● **DATA SUPPLIED**:
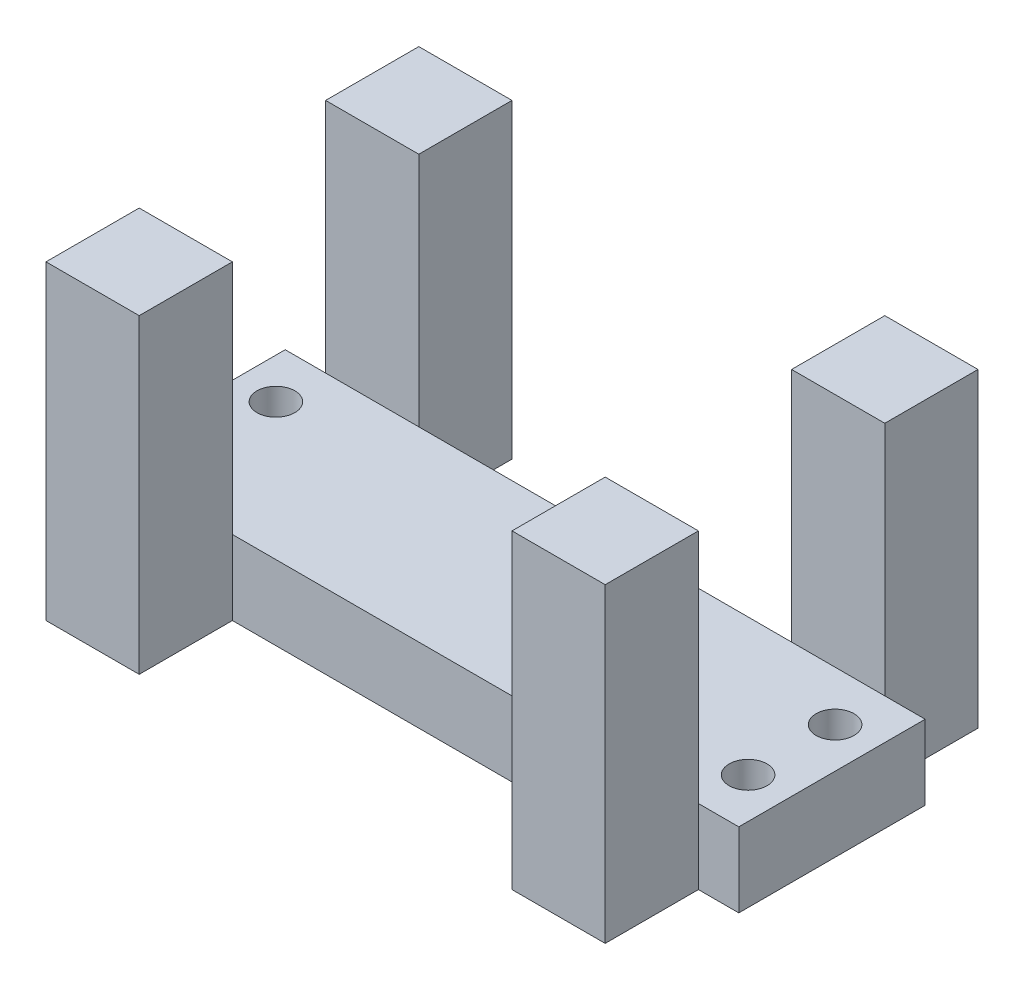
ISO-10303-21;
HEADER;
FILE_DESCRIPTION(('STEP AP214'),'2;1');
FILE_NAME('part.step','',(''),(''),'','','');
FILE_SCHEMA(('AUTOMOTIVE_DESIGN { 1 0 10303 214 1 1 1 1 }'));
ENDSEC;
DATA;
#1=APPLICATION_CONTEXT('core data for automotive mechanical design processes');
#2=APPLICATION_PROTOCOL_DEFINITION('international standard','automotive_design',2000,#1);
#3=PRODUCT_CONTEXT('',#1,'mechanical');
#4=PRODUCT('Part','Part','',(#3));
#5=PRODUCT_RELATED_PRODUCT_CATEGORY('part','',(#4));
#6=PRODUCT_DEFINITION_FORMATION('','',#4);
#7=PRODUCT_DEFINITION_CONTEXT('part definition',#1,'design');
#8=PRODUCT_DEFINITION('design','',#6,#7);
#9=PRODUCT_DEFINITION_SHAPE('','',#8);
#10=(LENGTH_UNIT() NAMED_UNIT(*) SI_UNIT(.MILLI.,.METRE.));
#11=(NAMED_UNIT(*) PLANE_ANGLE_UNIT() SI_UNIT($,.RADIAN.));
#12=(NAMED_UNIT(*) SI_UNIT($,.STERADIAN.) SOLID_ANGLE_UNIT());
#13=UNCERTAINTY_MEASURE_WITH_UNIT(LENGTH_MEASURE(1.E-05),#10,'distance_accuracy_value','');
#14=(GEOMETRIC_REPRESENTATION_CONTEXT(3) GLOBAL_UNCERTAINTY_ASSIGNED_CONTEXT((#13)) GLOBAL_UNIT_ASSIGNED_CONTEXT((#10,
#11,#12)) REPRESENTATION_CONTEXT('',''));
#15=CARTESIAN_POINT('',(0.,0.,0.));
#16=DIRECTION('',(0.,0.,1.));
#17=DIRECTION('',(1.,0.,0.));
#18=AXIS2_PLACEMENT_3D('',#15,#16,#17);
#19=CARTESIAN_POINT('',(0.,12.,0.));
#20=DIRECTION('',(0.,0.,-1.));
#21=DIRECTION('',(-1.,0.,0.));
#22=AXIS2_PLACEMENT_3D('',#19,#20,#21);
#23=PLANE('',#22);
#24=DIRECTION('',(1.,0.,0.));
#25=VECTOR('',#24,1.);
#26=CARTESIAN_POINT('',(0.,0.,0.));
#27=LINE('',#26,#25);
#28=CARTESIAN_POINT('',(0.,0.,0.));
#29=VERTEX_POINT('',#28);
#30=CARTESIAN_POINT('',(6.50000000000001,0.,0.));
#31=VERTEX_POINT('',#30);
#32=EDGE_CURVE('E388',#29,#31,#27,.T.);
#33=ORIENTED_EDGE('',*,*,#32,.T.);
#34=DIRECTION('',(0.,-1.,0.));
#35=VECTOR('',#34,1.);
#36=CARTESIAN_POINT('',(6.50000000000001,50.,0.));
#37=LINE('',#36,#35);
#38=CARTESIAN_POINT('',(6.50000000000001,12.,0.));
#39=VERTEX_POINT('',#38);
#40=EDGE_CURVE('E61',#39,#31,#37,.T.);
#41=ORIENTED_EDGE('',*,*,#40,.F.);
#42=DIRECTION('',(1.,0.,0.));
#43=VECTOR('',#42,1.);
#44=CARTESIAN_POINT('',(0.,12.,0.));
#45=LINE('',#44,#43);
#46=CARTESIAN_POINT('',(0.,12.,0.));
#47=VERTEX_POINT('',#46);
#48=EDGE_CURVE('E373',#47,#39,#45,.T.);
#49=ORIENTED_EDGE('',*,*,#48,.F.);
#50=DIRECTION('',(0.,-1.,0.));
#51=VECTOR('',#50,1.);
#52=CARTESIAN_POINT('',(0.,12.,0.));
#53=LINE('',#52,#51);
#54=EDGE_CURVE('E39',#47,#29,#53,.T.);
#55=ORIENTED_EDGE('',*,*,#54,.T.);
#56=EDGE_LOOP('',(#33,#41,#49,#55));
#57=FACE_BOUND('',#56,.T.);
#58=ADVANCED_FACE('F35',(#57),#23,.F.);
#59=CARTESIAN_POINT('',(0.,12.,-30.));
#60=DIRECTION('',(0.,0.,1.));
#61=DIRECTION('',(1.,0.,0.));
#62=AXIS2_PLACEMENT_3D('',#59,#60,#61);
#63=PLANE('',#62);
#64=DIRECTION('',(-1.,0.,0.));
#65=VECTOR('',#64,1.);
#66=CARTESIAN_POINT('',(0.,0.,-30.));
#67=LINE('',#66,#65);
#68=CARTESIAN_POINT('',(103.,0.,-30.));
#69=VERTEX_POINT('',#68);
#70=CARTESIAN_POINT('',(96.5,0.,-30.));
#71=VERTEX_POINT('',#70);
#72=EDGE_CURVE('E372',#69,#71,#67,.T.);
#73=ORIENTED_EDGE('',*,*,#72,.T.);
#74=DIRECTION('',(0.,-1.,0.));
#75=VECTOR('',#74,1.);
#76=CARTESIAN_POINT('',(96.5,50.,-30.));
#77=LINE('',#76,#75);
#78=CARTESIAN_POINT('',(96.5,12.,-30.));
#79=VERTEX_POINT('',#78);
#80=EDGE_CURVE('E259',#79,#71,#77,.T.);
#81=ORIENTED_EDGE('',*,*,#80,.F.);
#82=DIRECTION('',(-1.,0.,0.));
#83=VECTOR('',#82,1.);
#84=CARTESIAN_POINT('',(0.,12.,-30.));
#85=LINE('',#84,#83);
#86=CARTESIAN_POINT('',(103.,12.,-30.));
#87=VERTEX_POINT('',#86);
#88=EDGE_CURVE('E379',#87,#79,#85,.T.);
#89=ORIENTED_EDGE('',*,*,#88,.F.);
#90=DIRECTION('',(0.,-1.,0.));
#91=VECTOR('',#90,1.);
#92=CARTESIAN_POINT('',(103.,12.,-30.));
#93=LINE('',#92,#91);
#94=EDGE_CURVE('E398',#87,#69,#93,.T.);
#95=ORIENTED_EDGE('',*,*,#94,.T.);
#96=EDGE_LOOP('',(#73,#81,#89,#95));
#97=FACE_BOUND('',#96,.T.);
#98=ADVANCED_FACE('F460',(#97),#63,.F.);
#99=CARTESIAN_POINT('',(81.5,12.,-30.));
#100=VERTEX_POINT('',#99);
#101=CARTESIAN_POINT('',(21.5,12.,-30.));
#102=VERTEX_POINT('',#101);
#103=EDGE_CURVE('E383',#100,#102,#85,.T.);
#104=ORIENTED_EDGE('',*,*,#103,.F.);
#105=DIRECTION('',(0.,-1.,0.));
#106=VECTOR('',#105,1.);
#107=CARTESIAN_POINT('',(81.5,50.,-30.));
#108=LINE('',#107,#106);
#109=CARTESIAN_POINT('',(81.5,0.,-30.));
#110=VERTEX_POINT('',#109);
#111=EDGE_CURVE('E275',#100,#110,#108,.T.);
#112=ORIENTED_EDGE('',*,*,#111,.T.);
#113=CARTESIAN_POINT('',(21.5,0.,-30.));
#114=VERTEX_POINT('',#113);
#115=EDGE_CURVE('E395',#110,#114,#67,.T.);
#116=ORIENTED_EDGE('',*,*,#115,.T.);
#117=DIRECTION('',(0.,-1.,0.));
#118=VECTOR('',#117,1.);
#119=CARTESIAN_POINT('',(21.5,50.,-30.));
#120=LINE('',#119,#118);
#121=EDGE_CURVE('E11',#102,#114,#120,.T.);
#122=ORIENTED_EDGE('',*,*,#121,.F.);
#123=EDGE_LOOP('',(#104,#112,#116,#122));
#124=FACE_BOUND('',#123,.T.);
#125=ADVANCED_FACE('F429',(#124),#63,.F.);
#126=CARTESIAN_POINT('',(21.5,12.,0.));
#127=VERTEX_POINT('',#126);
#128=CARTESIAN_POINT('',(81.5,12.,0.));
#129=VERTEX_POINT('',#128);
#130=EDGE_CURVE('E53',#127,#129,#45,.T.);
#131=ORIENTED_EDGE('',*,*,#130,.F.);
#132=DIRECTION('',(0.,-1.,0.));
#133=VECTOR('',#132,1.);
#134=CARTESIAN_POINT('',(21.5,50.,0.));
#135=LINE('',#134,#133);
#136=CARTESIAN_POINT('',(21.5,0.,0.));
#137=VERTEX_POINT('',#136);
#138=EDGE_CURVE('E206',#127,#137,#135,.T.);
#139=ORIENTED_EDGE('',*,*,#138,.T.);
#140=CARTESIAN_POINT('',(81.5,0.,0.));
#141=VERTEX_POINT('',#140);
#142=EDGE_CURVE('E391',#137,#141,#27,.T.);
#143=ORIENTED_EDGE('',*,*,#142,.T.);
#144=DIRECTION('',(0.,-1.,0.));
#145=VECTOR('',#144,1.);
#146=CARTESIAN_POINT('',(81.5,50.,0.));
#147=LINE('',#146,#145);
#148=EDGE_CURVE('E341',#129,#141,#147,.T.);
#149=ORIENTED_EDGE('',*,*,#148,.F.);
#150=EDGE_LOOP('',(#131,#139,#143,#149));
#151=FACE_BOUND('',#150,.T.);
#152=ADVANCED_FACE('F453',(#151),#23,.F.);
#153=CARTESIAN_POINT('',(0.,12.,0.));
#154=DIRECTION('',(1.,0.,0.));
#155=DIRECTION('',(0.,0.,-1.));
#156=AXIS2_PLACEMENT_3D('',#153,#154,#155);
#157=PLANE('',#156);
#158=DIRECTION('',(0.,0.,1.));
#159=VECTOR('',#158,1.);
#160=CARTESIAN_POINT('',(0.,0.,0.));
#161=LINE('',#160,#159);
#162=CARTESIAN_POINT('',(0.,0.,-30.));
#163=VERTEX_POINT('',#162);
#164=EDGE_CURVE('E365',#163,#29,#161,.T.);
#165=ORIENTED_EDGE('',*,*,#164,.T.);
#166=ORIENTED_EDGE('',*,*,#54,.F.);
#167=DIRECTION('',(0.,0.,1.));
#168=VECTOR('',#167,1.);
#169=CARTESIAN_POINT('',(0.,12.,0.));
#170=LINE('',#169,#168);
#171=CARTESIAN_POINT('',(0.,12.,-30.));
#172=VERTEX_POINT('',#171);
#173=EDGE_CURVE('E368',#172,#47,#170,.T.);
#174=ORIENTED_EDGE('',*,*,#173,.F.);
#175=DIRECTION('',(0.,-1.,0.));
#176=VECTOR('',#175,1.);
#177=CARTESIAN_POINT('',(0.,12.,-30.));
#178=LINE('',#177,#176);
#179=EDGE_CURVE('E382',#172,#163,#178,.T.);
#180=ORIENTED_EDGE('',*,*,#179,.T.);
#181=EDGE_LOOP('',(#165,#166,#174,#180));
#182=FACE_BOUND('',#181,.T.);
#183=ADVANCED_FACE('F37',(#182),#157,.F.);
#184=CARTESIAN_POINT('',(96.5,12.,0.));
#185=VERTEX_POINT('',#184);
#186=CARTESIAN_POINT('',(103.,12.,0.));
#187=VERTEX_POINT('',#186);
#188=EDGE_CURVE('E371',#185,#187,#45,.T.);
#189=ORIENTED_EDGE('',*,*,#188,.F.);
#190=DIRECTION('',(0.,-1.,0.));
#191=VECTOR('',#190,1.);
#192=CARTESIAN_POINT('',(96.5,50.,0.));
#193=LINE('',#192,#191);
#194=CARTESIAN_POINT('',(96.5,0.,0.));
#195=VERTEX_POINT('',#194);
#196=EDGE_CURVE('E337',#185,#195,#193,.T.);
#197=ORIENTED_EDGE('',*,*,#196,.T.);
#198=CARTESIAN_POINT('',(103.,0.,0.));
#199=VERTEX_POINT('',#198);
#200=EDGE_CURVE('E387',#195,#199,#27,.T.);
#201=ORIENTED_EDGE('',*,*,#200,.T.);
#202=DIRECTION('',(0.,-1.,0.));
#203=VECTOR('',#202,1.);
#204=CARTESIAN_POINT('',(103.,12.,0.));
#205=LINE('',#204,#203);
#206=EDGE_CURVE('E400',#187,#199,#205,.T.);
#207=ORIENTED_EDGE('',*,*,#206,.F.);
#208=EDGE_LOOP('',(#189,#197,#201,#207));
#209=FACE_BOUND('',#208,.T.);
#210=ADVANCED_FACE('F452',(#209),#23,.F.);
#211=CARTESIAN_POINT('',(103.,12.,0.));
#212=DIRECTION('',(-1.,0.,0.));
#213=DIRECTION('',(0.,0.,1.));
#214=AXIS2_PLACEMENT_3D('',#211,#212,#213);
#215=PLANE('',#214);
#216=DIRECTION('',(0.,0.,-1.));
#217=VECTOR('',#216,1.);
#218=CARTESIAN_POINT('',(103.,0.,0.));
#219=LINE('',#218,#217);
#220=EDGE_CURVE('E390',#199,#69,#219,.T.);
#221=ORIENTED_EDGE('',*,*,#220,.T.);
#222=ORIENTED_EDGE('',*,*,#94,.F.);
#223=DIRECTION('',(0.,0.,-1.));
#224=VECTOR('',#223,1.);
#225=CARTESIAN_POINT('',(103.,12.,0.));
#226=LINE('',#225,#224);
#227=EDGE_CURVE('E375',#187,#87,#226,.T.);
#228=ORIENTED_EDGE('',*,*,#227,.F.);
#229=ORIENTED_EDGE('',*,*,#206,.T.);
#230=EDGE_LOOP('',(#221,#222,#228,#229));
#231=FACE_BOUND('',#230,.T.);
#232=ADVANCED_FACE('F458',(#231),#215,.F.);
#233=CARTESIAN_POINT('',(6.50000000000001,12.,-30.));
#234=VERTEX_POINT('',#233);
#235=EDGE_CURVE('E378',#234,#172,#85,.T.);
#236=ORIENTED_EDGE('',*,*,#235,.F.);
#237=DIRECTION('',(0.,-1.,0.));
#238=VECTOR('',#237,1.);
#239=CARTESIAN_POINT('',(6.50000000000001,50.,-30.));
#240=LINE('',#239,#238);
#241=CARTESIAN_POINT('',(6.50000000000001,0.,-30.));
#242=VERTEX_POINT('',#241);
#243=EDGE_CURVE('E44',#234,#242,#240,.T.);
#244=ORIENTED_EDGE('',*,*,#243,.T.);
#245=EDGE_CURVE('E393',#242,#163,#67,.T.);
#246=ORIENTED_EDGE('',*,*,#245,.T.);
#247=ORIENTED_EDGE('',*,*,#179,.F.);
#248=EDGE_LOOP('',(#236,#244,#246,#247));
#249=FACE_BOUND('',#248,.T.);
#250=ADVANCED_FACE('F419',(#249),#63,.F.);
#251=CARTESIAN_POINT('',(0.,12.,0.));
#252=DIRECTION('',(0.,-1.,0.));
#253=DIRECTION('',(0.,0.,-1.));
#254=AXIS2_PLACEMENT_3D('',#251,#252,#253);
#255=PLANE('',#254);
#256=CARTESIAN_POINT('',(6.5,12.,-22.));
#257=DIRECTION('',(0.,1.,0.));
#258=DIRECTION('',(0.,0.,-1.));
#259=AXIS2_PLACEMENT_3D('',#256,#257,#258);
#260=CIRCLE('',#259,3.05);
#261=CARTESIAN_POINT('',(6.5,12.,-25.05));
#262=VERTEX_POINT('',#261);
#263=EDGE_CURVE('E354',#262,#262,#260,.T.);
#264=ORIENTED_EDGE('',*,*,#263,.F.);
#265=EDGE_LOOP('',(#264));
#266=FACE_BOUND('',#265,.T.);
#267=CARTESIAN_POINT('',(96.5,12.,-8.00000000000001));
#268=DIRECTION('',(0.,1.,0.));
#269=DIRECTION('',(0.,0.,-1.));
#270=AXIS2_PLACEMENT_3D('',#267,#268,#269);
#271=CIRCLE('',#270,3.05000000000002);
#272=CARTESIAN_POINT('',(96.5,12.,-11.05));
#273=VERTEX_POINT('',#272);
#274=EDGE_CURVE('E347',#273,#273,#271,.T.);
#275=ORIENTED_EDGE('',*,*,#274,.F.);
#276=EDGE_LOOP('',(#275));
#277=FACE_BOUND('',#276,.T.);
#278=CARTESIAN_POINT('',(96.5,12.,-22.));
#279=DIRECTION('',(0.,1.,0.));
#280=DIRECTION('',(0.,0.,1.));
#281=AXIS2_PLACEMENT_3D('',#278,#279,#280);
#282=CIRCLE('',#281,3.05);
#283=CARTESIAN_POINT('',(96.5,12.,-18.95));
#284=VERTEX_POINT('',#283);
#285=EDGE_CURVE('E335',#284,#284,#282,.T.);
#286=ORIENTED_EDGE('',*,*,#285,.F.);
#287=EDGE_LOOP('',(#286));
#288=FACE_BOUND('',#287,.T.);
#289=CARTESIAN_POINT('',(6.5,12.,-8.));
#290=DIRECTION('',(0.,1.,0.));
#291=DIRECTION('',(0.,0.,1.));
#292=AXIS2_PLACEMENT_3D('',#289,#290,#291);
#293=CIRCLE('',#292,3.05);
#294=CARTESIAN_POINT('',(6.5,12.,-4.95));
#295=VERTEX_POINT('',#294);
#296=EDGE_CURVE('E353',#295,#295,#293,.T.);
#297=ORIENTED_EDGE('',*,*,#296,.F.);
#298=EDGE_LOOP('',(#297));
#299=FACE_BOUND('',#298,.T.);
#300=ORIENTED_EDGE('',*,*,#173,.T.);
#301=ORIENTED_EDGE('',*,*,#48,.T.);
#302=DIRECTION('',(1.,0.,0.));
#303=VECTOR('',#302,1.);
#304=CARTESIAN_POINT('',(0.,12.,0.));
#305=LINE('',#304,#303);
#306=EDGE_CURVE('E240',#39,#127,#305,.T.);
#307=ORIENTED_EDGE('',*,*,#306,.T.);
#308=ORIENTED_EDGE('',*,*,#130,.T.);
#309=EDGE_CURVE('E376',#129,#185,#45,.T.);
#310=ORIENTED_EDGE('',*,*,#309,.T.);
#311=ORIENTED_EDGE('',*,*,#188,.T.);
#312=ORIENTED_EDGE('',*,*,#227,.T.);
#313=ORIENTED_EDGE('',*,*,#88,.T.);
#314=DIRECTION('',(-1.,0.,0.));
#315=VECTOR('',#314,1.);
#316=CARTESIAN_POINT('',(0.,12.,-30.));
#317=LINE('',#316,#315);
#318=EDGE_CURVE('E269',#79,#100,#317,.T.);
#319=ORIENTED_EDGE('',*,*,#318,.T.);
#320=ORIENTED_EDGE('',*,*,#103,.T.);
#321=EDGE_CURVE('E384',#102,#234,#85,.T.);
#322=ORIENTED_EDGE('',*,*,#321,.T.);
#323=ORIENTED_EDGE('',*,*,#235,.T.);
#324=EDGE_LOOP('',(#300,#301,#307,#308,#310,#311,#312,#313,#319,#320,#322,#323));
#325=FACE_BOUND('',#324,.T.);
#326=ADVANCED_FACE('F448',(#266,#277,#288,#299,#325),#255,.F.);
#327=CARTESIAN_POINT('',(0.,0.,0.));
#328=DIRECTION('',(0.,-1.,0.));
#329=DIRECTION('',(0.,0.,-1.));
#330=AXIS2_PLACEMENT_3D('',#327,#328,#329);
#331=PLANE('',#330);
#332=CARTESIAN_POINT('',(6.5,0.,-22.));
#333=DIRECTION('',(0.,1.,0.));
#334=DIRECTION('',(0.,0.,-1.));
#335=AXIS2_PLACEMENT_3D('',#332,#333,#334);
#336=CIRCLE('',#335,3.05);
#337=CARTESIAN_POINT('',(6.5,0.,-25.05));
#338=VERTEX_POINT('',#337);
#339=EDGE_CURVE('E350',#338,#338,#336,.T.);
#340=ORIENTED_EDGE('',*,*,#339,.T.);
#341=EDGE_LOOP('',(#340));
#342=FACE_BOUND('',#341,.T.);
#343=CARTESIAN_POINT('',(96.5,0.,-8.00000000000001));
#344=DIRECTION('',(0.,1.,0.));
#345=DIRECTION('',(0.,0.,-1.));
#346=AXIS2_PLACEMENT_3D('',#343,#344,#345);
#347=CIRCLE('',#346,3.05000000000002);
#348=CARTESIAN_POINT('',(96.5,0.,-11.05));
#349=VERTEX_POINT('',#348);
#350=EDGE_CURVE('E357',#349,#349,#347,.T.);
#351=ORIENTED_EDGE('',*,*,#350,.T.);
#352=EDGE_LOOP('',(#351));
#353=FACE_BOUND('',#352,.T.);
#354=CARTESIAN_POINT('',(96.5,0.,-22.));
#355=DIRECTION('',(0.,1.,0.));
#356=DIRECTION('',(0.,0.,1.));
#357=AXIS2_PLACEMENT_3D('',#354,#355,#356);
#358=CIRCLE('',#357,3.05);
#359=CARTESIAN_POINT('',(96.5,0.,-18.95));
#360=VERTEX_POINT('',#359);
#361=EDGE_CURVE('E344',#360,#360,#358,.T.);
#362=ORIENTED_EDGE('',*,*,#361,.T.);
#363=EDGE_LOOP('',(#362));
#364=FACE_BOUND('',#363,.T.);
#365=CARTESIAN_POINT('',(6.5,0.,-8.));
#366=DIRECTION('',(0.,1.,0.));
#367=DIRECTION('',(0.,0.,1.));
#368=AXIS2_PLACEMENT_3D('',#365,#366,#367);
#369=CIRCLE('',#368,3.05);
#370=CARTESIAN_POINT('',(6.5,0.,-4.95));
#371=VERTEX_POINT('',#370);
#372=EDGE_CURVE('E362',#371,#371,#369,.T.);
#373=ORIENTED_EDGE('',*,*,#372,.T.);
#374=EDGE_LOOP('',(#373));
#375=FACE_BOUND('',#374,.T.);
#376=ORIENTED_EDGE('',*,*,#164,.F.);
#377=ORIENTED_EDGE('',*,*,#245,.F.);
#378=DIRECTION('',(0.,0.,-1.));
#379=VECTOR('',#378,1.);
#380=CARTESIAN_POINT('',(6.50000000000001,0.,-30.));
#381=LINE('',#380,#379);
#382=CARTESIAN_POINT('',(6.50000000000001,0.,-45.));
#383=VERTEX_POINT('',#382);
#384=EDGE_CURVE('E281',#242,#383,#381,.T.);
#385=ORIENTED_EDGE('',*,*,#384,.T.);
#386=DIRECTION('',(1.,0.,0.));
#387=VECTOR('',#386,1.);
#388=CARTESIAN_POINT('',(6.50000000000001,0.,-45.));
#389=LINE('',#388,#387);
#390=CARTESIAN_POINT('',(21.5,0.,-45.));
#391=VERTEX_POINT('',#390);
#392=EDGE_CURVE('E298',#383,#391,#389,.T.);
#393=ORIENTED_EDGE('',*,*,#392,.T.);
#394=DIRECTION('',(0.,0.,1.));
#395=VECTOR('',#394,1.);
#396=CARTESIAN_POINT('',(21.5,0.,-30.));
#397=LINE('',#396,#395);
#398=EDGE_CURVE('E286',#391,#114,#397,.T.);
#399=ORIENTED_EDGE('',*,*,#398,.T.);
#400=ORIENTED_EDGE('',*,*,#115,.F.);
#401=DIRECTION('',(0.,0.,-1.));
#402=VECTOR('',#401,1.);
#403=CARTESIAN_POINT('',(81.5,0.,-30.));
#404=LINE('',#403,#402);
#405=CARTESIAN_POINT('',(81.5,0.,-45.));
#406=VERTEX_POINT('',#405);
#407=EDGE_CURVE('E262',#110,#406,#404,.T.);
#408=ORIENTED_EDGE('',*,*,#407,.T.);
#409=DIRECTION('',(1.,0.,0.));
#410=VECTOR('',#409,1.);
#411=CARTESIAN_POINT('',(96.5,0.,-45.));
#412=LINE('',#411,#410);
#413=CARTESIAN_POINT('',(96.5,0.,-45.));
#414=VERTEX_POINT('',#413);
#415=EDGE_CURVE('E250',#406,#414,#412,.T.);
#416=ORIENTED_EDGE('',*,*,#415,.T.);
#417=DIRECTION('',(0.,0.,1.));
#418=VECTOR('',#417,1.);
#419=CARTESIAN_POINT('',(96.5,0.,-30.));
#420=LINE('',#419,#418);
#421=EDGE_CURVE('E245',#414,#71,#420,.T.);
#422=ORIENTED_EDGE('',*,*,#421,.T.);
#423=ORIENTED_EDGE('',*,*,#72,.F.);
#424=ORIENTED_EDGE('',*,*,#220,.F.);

● **HOW TO COMPLETE THIS TASK**: Write out exactly the lines above between the line with "#15=CARTESIAN_POINT('',(0.,0.,0.));" and the line with "#37=LINE('',#36,#35);", inclusive, and nothing beyond them.

● **EXERCISE RESPONSE**:
#15=CARTESIAN_POINT('',(0.,0.,0.));
#16=DIRECTION('',(0.,0.,1.));
#17=DIRECTION('',(1.,0.,0.));
#18=AXIS2_PLACEMENT_3D('',#15,#16,#17);
#19=CARTESIAN_POINT('',(0.,12.,0.));
#20=DIRECTION('',(0.,0.,-1.));
#21=DIRECTION('',(-1.,0.,0.));
#22=AXIS2_PLACEMENT_3D('',#19,#20,#21);
#23=PLANE('',#22);
#24=DIRECTION('',(1.,0.,0.));
#25=VECTOR('',#24,1.);
#26=CARTESIAN_POINT('',(0.,0.,0.));
#27=LINE('',#26,#25);
#28=CARTESIAN_POINT('',(0.,0.,0.));
#29=VERTEX_POINT('',#28);
#30=CARTESIAN_POINT('',(6.50000000000001,0.,0.));
#31=VERTEX_POINT('',#30);
#32=EDGE_CURVE('E388',#29,#31,#27,.T.);
#33=ORIENTED_EDGE('',*,*,#32,.T.);
#34=DIRECTION('',(0.,-1.,0.));
#35=VECTOR('',#34,1.);
#36=CARTESIAN_POINT('',(6.50000000000001,50.,0.));
#37=LINE('',#36,#35);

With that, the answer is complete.